Agora empregado na Ucharia Real, emprego que a comadre consegue para Leonardo, o jovem se interessa pela mulher do toma-largura, que expulsa Leonardo ao flagrá-lo tomando caldo com sua mulher. Com isso Leonardo perde o emprego e gera os ciúmes de Vidinha, que por sua vez vai tomar satisfações com a mulher de toma-largura. Ele fica encantado por Vidinha e começa a cortejá-la. Com o consentimento e aprovação das tias, toma-largura passa a frequentar a casa e os festejos da família.

Leonardo, enquanto fugia da fúria de Vidinha, é pego pelo M. Vidigal e desaparece por um tempo e quando volta está fardado e transformado em granadeiro. Recebe ordem de prender toma-largura que está embriagado e causando problemas em uma festa na casa das tias de Vidinha. Leonardo concretiza sua vingança contra toma-largura, mas não deixa a vida de vadio por completo. Mesmo com farda, enganava o M. Vidigal, desobedecendo ordens. Numa dessas traquinagens, M. Vidigal descobre e manda prender Leonardo que será chibatado como punição.

Neste momento entra a figura de Maria Regalada, que junto com D. Maria e a comadre vão tentar convencer M. Vidigal de não cumprir essa

punição. As três senhoras procuram convencê-lo, mas o major se mostra irredutível. Contudo, Maria-Regalada chama o M. Vidigal de lado e propõe algo em segredo. Logo após, Leonardo estava solto e de volta a corporação como sargento da Companhia de Granadeiros, sendo promovido. Enquanto isso, José Manuel, marido de Luisinha morre e Leonardo vê renascer a admiração que tinha pela moça.

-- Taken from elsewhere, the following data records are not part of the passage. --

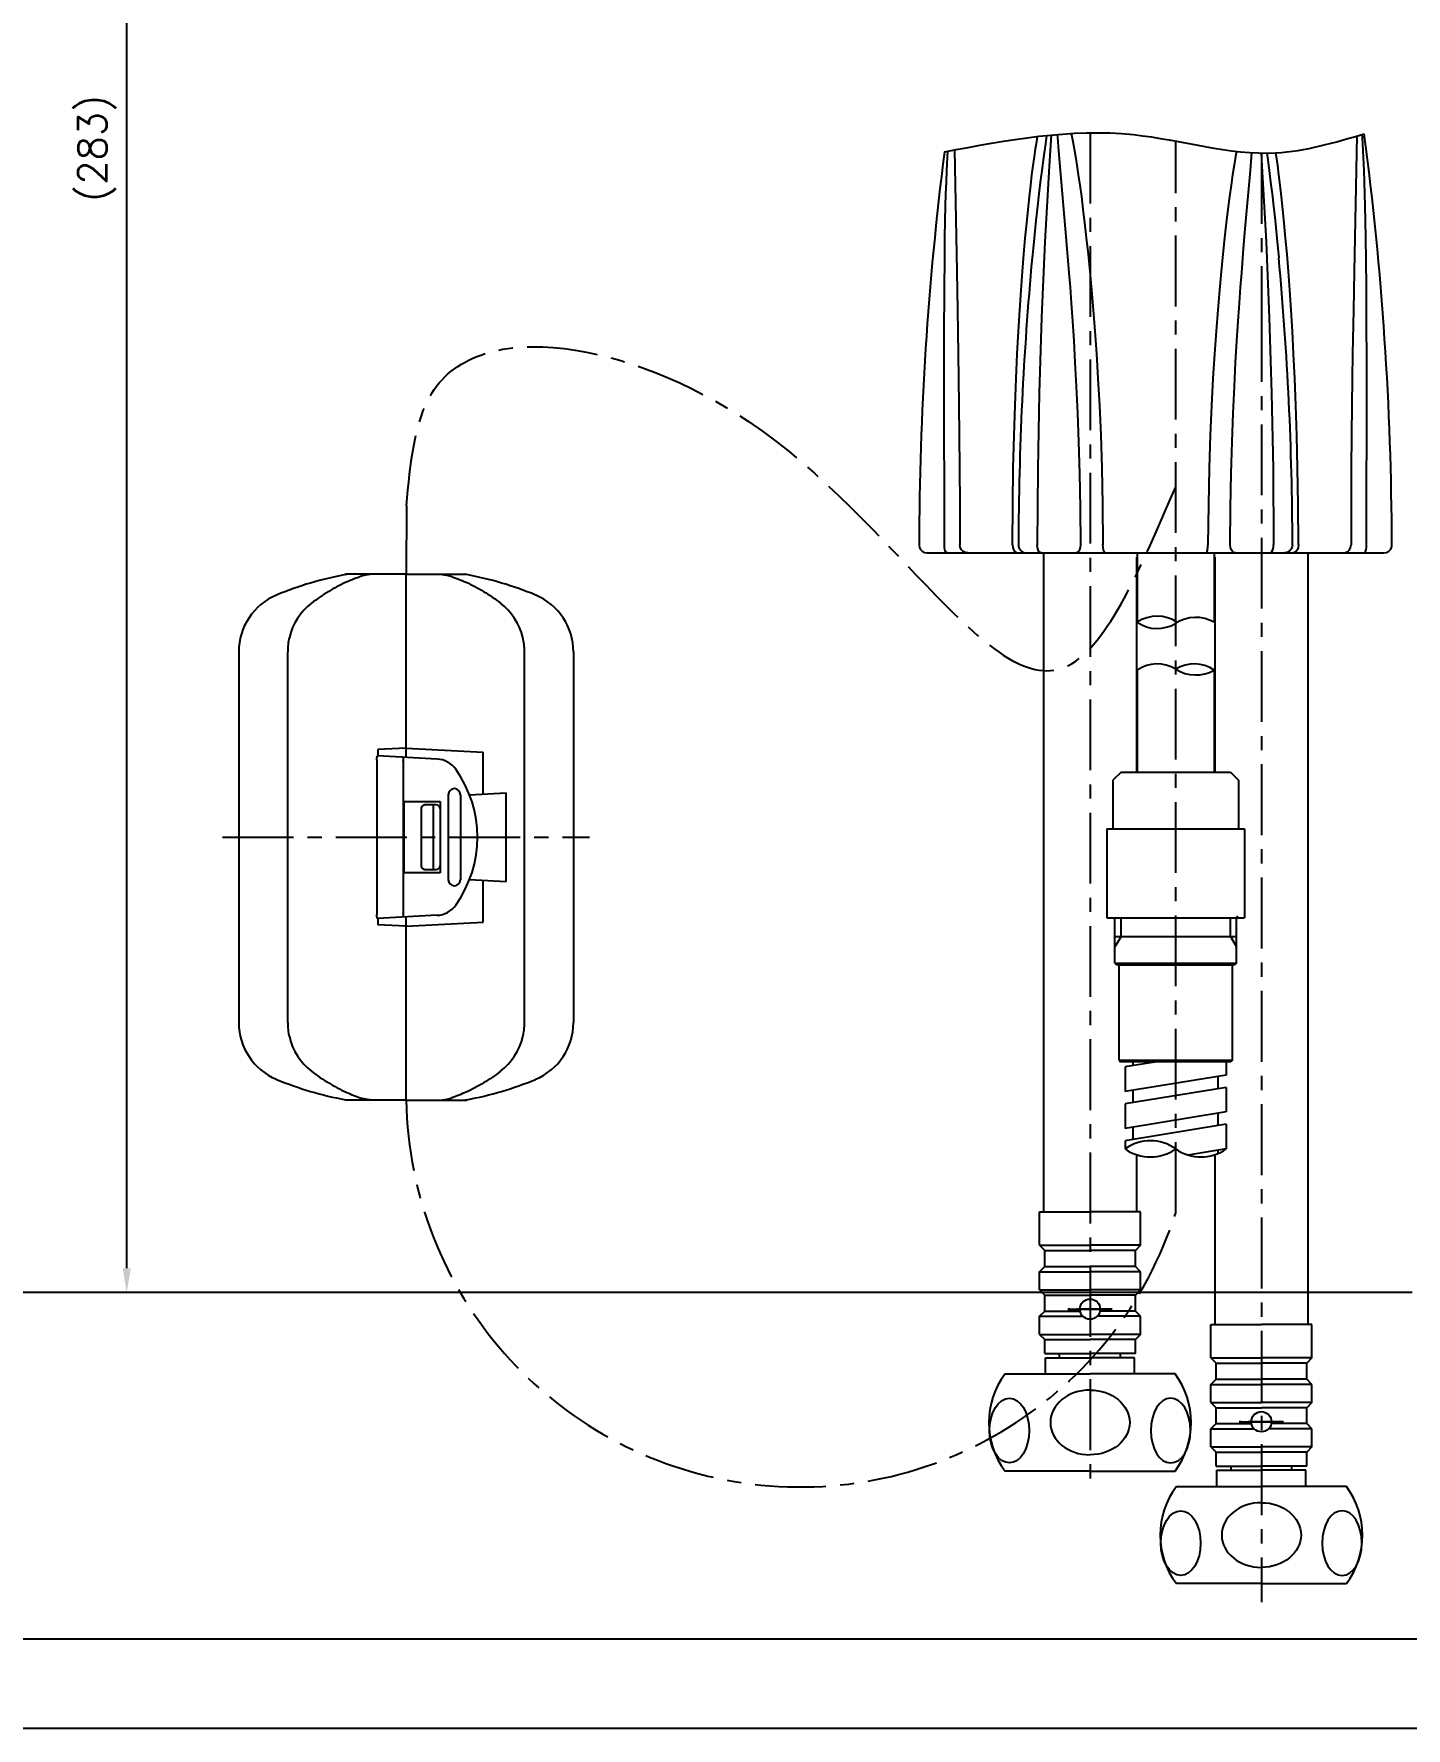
# Model space of a CAD drawing. Extents: x 40119 to 40713, y 15845 to 16265.
# Drawn here: x 40321.5 to 40490.9, y 15845 to 16054.3 of the extents above; entities that cross this region are included whole.
import ezdxf

# ---------------------------------------------------------------- set-up
doc = ezdxf.new("R2010")
doc.units = 0
doc.header["$LTSCALE"] = 7
doc.header["$MEASUREMENT"] = 0
doc.linetypes.add('CENTER', pattern=[2, 1.25, -0.25, 0.25, -0.25])
doc.layers.get('0').update_dxf_attribs({"color": 2, "linetype": 'CONTINUOUS'})
doc.layers.get('Defpoints').update_dxf_attribs({"linetype": 'CONTINUOUS'})
for name, color, linetype in [('CL', 1, 'CENTER'), ('D', 2, 'CONTINUOUS'), ('DIM', 2, 'CONTINUOUS'), ('DWG', 7, 'CONTINUOUS')]:
    doc.layers.add(name, color=color, linetype=linetype)
doc.styles.add('GHS', font='romans', dxfattribs={"bigfont": 'ghs'})
doc.dimstyles.new('DIM_WS01', dxfattribs={"dimtxt": 3.5, "dimasz": 3, "dimexe": 1, "dimexo": 1, "dimgap": 1, "dimtad": 1, "dimdec": 4, "dimzin": 9, "dimdsep": 46, "dimtxsty": 'GHS', "dimcen": -2, "dimclrd": 256, "dimclre": 256, "dimclrt": 256, "dimadec": 4, "dimazin": 2, "dimtfac": 1, "dimtdec": 4, "dimtix": 1, "dimtmove": 0, "dimatfit": 1, "dimfxl": 1, "dimtolj": 1, "dimtzin": 0, "dimlwd": -1, "dimlwe": -1, "dimarcsym": 0})

# ---------------------------------------------------------------- blocks, each defined once
blk = doc.blocks.new('BORDER')
blk.add_line((0, 0), (1, 0))
blk = doc.blocks.new('*D3')
at = {"layer": 'Defpoints', "color": 0, "transparency": 16777216}
for p in [(40332.92, 16181.58), (40384.82, 16181.58), (40492.7, 15898.83)]:
    blk.add_point(p, dxfattribs=at)
at = {"layer": 'DIM', "transparency": 16777216}
for p, q in [((40383.82, 16181.58), (40331.92, 16181.58)), ((40332.92, 15901.83), (40332.92, 16178.58)), ((40491.7, 15898.83), (40331.92, 15898.83))]:
    blk.add_line(p, q, dxfattribs=at)
for points in [[(40332.42, 16178.58), (40333.42, 16178.58), (40332.92, 16181.58)], [(40332.42, 15901.83), (40333.42, 15901.83), (40332.92, 15898.83)]]:
    blk.add_solid(points, dxfattribs=at)
at = {"layer": 'DIM', "transparency": 16777216, "insert": (40329.26, 16040.2), "char_height": 3.5, "attachment_point": 5, "rotation": 90, "style": 'GHS'}
blk.add_mtext('\\A1;(283)', dxfattribs=at)
blk = doc.blocks.new('*D4')
at = {"layer": 'Defpoints', "color": 0, "transparency": 16777216}
for p in [(40302.05, 16240.57), (40373.68, 16240.57), (40411.81, 15898.83)]:
    blk.add_point(p, dxfattribs=at)
at = {"layer": 'DIM', "transparency": 16777216}
for p, q in [((40372.68, 16240.57), (40301.05, 16240.57)), ((40302.05, 15901.83), (40302.05, 16237.57)), ((40410.81, 15898.83), (40301.05, 15898.83))]:
    blk.add_line(p, q, dxfattribs=at)
for points in [[(40301.55, 16237.57), (40302.55, 16237.57), (40302.05, 16240.57)], [(40301.55, 15901.83), (40302.55, 15901.83), (40302.05, 15898.83)]]:
    blk.add_solid(points, dxfattribs=at)
at = {"layer": 'DIM', "transparency": 16777216, "insert": (40298.38, 16069.7), "char_height": 3.5, "attachment_point": 5, "rotation": 90, "style": 'GHS'}
blk.add_mtext('\\A1;(342)', dxfattribs=at)

msp = doc.modelspace()

# ---------------------------------------------------------------- linework, layer by layer
at = {"color": 7, "linetype": 'Continuous'}
for p, q in [((40457.72849, 15990.19562), (40457.72849, 15981.62832)), ((40467.22849, 15990.19562), (40467.22849, 15981.62832)), ((40457.72849, 15975.72715), (40457.72849, 15963.13119)), ((40467.22849, 15975.72715), (40467.22849, 15963.13119))]:
    msp.add_line(p, q, dxfattribs=at)
at = {"color": 4}
msp.add_line((40698.64928, 15856.01461), (40149.64928, 15856.01461), dxfattribs=at)
at = {"color": 2, "linetype": 'Continuous'}
for centre, radius, start, end in [((40460.19906, 15978.00371), 4.38652, 55.6395288, 124.2787226), ((40460.19906, 15985.25293), 4.38652, 235.7212774, 301.3084029), ((40464.95472, 15977.66239), 4.5715, 60.1732116, 122.7971081), ((40460.19906, 15972.10253), 4.38652, 58.6915971, 124.2787226), ((40464.75792, 15972.10253), 4.38652, 55.7212774, 121.3084029), ((40464.95472, 15979.69308), 4.5715, 237.2028919, 299.8267884)]:
    msp.add_arc(centre, radius, start, end, dxfattribs=at)
for centre, radius, start, end in [((40459.35349, 15912.1859), 5.38644, 54.5381445, 125.4618555), ((40459.35349, 15920.96043), 5.38644, 234.5381445, 305.4618555), ((40465.60349, 15920.95598), 5.38281, 234.5106567, 305.4893433)]:
    msp.add_arc(centre, radius, start, end)
at = {"layer": 'CL', "linetype": 'CENTER'}
for p, q in [((40451.89598, 16042.11042), (40451.89598, 15874.77805)), ((40473.06104, 16039.61008), (40473.06104, 16016.75619)), ((40473.06104, 16020.08479), (40473.06104, 15860.56351))]:
    msp.add_line(p, q, dxfattribs=at)
at = {"layer": 'CL'}
for p, q in [((40462.47846, 15908.66769), (40462.47851, 16041.08066)), ((40367.46588, 15996.05094), (40367.42283, 15987.58338)), ((40344.75092, 15955.08354), (40390.09475, 15955.08354))]:
    msp.add_line(p, q, dxfattribs=at)
at = {"layer": 'CL', "ltscale": 0.5}
for p, q in [((40454.64598, 15896.77805), (40449.14598, 15896.77805)), ((40449.14598, 15896.77805), (40454.64598, 15896.77805)), ((40470.31104, 15882.86671), (40475.81104, 15882.86671)), ((40475.81104, 15882.86671), (40470.31104, 15882.86671))]:
    msp.add_line(p, q, dxfattribs=at)
at = {"layer": 'CL'}
msp.add_arc((40416.10282, 15923.49584), 48.68854, 181.0738246, 342.2688428, dxfattribs=at)
msp.add_spline([(40367.46588, 15996.05094), (40370.60083, 16009.94402), (40409.72079, 16006.43053), (40449.23833, 15976.30013), (40462.47849, 15998.35039)], degree=3, dxfattribs=at)
at = {"layer": 'D'}
for p, q in [((40455.72849, 15942.83119), (40455.72849, 15945.13119)), ((40469.22849, 15942.83119), (40469.22849, 15945.13119)), ((40455.72849, 15942.83119), (40454.97849, 15941.53215)), ((40469.22849, 15942.83119), (40469.97849, 15941.53215))]:
    msp.add_line(p, q, dxfattribs=at)
at = {"layer": 'DIM'}
msp.add_spline([(40433.90838, 16039.75462), (40457.26462, 16041.88084), (40474.8533, 16039.63742), (40485.75959, 16041.98472)], degree=3, dxfattribs=at)
at = {"layer": 'DWG'}
for p, q in [((40446.53591, 16041.78135), (40446.38412, 16040.72727)), ((40447.90391, 16041.53603), (40447.87518, 16041.90677)), ((40435.13745, 16039.98683), (40435.44343, 16024.97577)), ((40446.38412, 16040.72727), (40446.15271, 16039.0516)), ((40448.03779, 16039.89593), (40447.90391, 16041.53603)), ((40448.24754, 16037.44748), (40448.03779, 16039.89593)), ((40471.70946, 16037.44748), (40471.89873, 16039.65691)), ((40484.85479, 16041.71631), (40484.51357, 16024.97577)), ((40446.15271, 16039.0516), (40445.94039, 16037.44645)), ((40473.72784, 16039.60519), (40473.80429, 16039.0516)), ((40473.80429, 16039.0516), (40474.01661, 16037.44645)), ((40434.10674, 16034.57366), (40434.15339, 16035.99665)), ((40434.15339, 16035.99665), (40434.20956, 16037.44748)), ((40445.75662, 16035.99806), (40445.58349, 16034.57669)), ((40445.94039, 16037.44645), (40445.75662, 16035.99806)), ((40448.88483, 16030.23075), (40448.24754, 16037.44748)), ((40471.07217, 16030.23075), (40471.70946, 16037.44748)), ((40474.01661, 16037.44645), (40474.20037, 16035.99806)), ((40474.20037, 16035.99806), (40474.3735, 16034.57669)), ((40485.80361, 16035.99665), (40485.74744, 16037.44748)), ((40485.85026, 16034.57366), (40485.80361, 16035.99665)), ((40434.06452, 16033.04055), (40434.10674, 16034.57366)), ((40445.58349, 16034.57669), (40445.40482, 16033.0445)), ((40474.3735, 16034.57669), (40474.55217, 16033.0445)), ((40485.89247, 16033.04055), (40485.85026, 16034.57366)), ((40434.02409, 16031.25854), (40434.06452, 16033.04055)), ((40445.40482, 16033.0445), (40445.20731, 16031.26282)), ((40474.55217, 16033.0445), (40474.74969, 16031.26282)), ((40485.9329, 16031.25854), (40485.89247, 16033.04055)), ((40433.98446, 16029.08853), (40434.02409, 16031.25854)), ((40445.20731, 16031.26282), (40444.98123, 16029.09268)), ((40449.08855, 16027.81431), (40448.88483, 16030.23075)), ((40470.86845, 16027.81431), (40471.07217, 16030.23075)), ((40474.74969, 16031.26282), (40474.97577, 16029.09268)), ((40485.97254, 16029.08853), (40485.9329, 16031.25854)), ((40433.9471, 16026.39047), (40433.98446, 16029.08853)), ((40486.00989, 16026.39047), (40485.97254, 16029.08853)), ((40433.91588, 16023.02316), (40433.9471, 16026.39047)), ((40486.04111, 16023.02316), (40486.00989, 16026.39047)), ((40435.44343, 16024.97577), (40435.53345, 16020.21813)), ((40484.51357, 16024.97577), (40484.42354, 16020.21813)), ((40433.8904, 16007.48329), (40433.88705, 16013.71214)), ((40486.0666, 16007.48329), (40486.06994, 16013.71214)), ((40430.80013, 15990.9944), (40430.92427, 15990.67766)), ((40430.92427, 15990.67766), (40431.1476, 15990.42072)), ((40431.1476, 15990.42072), (40431.44418, 15990.25359)), ((40431.44418, 15990.25359), (40431.7797, 15990.19562)), ((40431.77986, 15990.19562), (40488.1773, 15990.19562)), ((40446.14598, 15990.19562), (40446.14598, 15908.77805)), ((40457.64598, 15989.69559), (40457.64598, 15963.13119)), ((40467.31104, 15989.69559), (40467.31104, 15963.13119)), ((40478.81104, 15990.19562), (40478.81104, 15894.86671)), ((40489.17672, 15991.19817), (40489.17663, 15991.19817)), ((40359.92283, 15987.50732), (40359.92283, 15987.58338)), ((40367.42283, 15987.58338), (40359.92283, 15987.58338)), ((40367.42283, 15964.93723), (40367.42283, 15987.58338)), ((40367.42283, 15964.93723), (40367.42283, 15987.58338)), ((40367.42283, 15987.58338), (40374.92283, 15987.58338)), ((40374.92283, 15987.50732), (40374.92283, 15987.58338)), ((40346.75092, 15977.98338), (40346.75092, 15932.18338)), ((40352.79733, 15932.18338), (40352.79733, 15977.98338)), ((40382.04833, 15932.18338), (40382.04833, 15977.98338)), ((40388.09475, 15977.98338), (40388.09475, 15932.18338)), ((40363.81343, 15964.62571), (40363.81343, 15945.54105)), ((40371.26896, 15964.73567), (40363.89472, 15965.12213)), ((40367.42283, 15966.08338), (40363.92387, 15965.90001)), ((40363.92387, 15965.90001), (40363.92387, 15965.12061)), ((40367.06182, 15964.43699), (40367.06183, 15964.5022)), ((40367.06183, 15964.95648), (40367.06183, 15945.21061)), ((40367.42283, 15966.08338), (40376.95968, 15965.58357)), ((40376.95968, 15960.41488), (40376.95968, 15965.58357)), ((40455.72849, 15963.13119), (40454.72849, 15962.13119)), ((40455.72849, 15963.13119), (40469.22849, 15963.13119)), ((40469.22849, 15963.13119), (40470.22849, 15962.13119)), ((40372.6342, 15960.33338), (40372.6342, 15949.83338)), ((40374.1342, 15960.33338), (40374.1342, 15949.83338)), ((40375.25346, 15960.32546), (40379.79469, 15960.56346)), ((40379.79469, 15949.6033), (40379.79469, 15960.56346)), ((40454.72849, 15962.13119), (40454.72849, 15956.13119)), ((40470.22849, 15962.13119), (40470.22849, 15956.13119)), ((40367.1342, 15959.48338), (40371.6342, 15959.48338)), ((40367.1342, 15959.48338), (40367.1342, 15950.68338)), ((40369.33705, 15951.58338), (40369.33705, 15958.58338)), ((40371.1342, 15959.08338), (40369.6906, 15959.08338)), ((40370.75126, 15959.08338), (40370.75126, 15951.08338)), ((40371.6342, 15959.48338), (40371.6342, 15950.68338)), ((40371.6342, 15958.58338), (40371.6342, 15951.58338)), ((40453.97849, 15956.13119), (40470.97849, 15956.13119)), ((40453.97849, 15956.13119), (40453.97849, 15945.13119)), ((40470.97849, 15956.13119), (40470.97849, 15945.13119)), ((40371.6342, 15950.68338), (40367.1342, 15950.68338)), ((40369.6906, 15951.08338), (40371.1342, 15951.08338)), ((40375.25346, 15949.84129), (40379.79469, 15949.6033)), ((40376.95968, 15944.58318), (40376.95968, 15949.75187)), ((40367.06183, 15945.66471), (40367.06182, 15945.72977)), ((40371.26896, 15945.43109), (40363.89472, 15945.04463)), ((40363.92387, 15945.04615), (40363.92387, 15944.26675)), ((40367.42283, 15944.08338), (40363.92387, 15944.26675)), ((40367.42283, 15922.58338), (40367.42283, 15945.22953)), ((40367.42283, 15944.08338), (40376.95968, 15944.58318)), ((40453.97849, 15945.13119), (40470.97849, 15945.13119)), ((40454.97849, 15939.53119), (40454.97849, 15945.13119)), ((40469.97849, 15945.38119), (40470.22849, 15945.13119)), ((40469.97849, 15939.53119), (40469.97849, 15945.13119)), ((40454.97849, 15942.83119), (40469.97849, 15942.83119)), ((40454.97849, 15939.53119), (40469.97849, 15939.53119)), ((40454.97849, 15939.53119), (40455.17849, 15939.33119)), ((40455.47849, 15939.33119), (40455.17849, 15939.33119)), ((40455.47849, 15939.33119), (40469.47849, 15939.33119)), ((40455.47849, 15927.53119), (40455.47849, 15939.33119)), ((40469.77849, 15939.33119), (40469.47849, 15939.33119)), ((40469.47849, 15927.53119), (40469.47849, 15939.33119)), ((40469.97849, 15939.53119), (40469.77849, 15939.33119)), ((40455.47849, 15927.53119), (40469.47849, 15927.53119)), ((40455.47849, 15927.53119), (40455.67849, 15927.33119)), ((40469.27849, 15927.33119), (40455.67849, 15927.33119)), ((40460.13851, 15927.33119), (40456.22849, 15926.69375)), ((40456.22849, 15926.69375), (40456.22849, 15923.65414)), ((40457.22849, 15926.85677), (40457.22849, 15927.33119)), ((40468.72849, 15927.33119), (40468.72849, 15925.69198)), ((40469.47849, 15927.53119), (40469.27849, 15927.33119)), ((40468.72849, 15925.69198), (40456.22849, 15923.65414)), ((40467.72849, 15924.00915), (40467.72849, 15925.52895)), ((40359.92283, 15922.65944), (40359.92283, 15922.58338)), ((40367.42283, 15922.58338), (40359.92283, 15922.58338)), ((40367.42283, 15922.58338), (40374.92283, 15922.58338)), ((40374.92283, 15922.65944), (40374.92283, 15922.58338)), ((40468.72849, 15924.17218), (40456.22849, 15922.13434)), ((40457.22849, 15922.29736), (40457.22849, 15923.81717)), ((40468.72849, 15924.17218), (40468.72849, 15921.13257)), ((40456.22849, 15922.13434), (40456.22849, 15919.09473)), ((40468.72849, 15921.13257), (40456.22849, 15919.09473)), ((40467.72849, 15919.44974), (40467.72849, 15920.96955)), ((40468.72849, 15919.61277), (40456.22849, 15917.57493)), ((40457.22849, 15917.73796), (40457.22849, 15919.25776)), ((40468.72849, 15919.61277), (40468.72849, 15916.57317)), ((40456.22849, 15917.57493), (40456.22849, 15916.57317)), ((40468.72849, 15916.57317), (40464.03234, 15915.80756)), ((40467.72849, 15916.01037), (40467.72849, 15916.40002)), ((40457.64598, 15915.8518), (40457.64598, 15908.77805)), ((40467.31104, 15915.85118), (40467.31104, 15894.86671)), ((40445.64598, 15904.66176), (40445.64598, 15908.77805)), ((40445.64598, 15908.77805), (40451.89598, 15908.77805)), ((40458.14598, 15908.77805), (40451.89598, 15908.77805)), ((40458.14598, 15904.66176), (40458.14598, 15908.77805)), ((40445.64598, 15904.66176), (40446.29598, 15904.01176)), ((40445.64598, 15904.66176), (40451.89598, 15904.66176)), ((40446.28109, 15904.02665), (40451.89598, 15904.02665)), ((40446.29598, 15902.04435), (40446.29598, 15904.01176)), ((40458.14598, 15904.66176), (40451.89598, 15904.66176)), ((40457.51087, 15904.02665), (40451.89598, 15904.02665)), ((40458.14598, 15904.66176), (40457.49598, 15904.01176)), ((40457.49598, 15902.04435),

Luisinha se tornou “uma moça espigada, airosa mesmo, olhos e cabelos pretos”.

Depois da missa de sétimo dia de José Manuel, Luisinha e Leonardo decidem se casar, entretanto, o posto de sargento da Companhia de Granadeiros não possibilita que Leonardo constitua família, então, levado o problema para M. Vidigal, que agora vivia com Maria-Regalada – essa foi a promessa que ela fez para que Leonardo fosse solto e absolvido das chibatas –, que promoveu o rapaz a sargento de Milícias, podendo, assim, se casar com Luisinha. Depois de um final feliz, morrem D. Maria e Leonardo Pataca e “uma enfiada de acontecimentos tristes que pouparemos aos leitores, fazendo aqui um ponto final”.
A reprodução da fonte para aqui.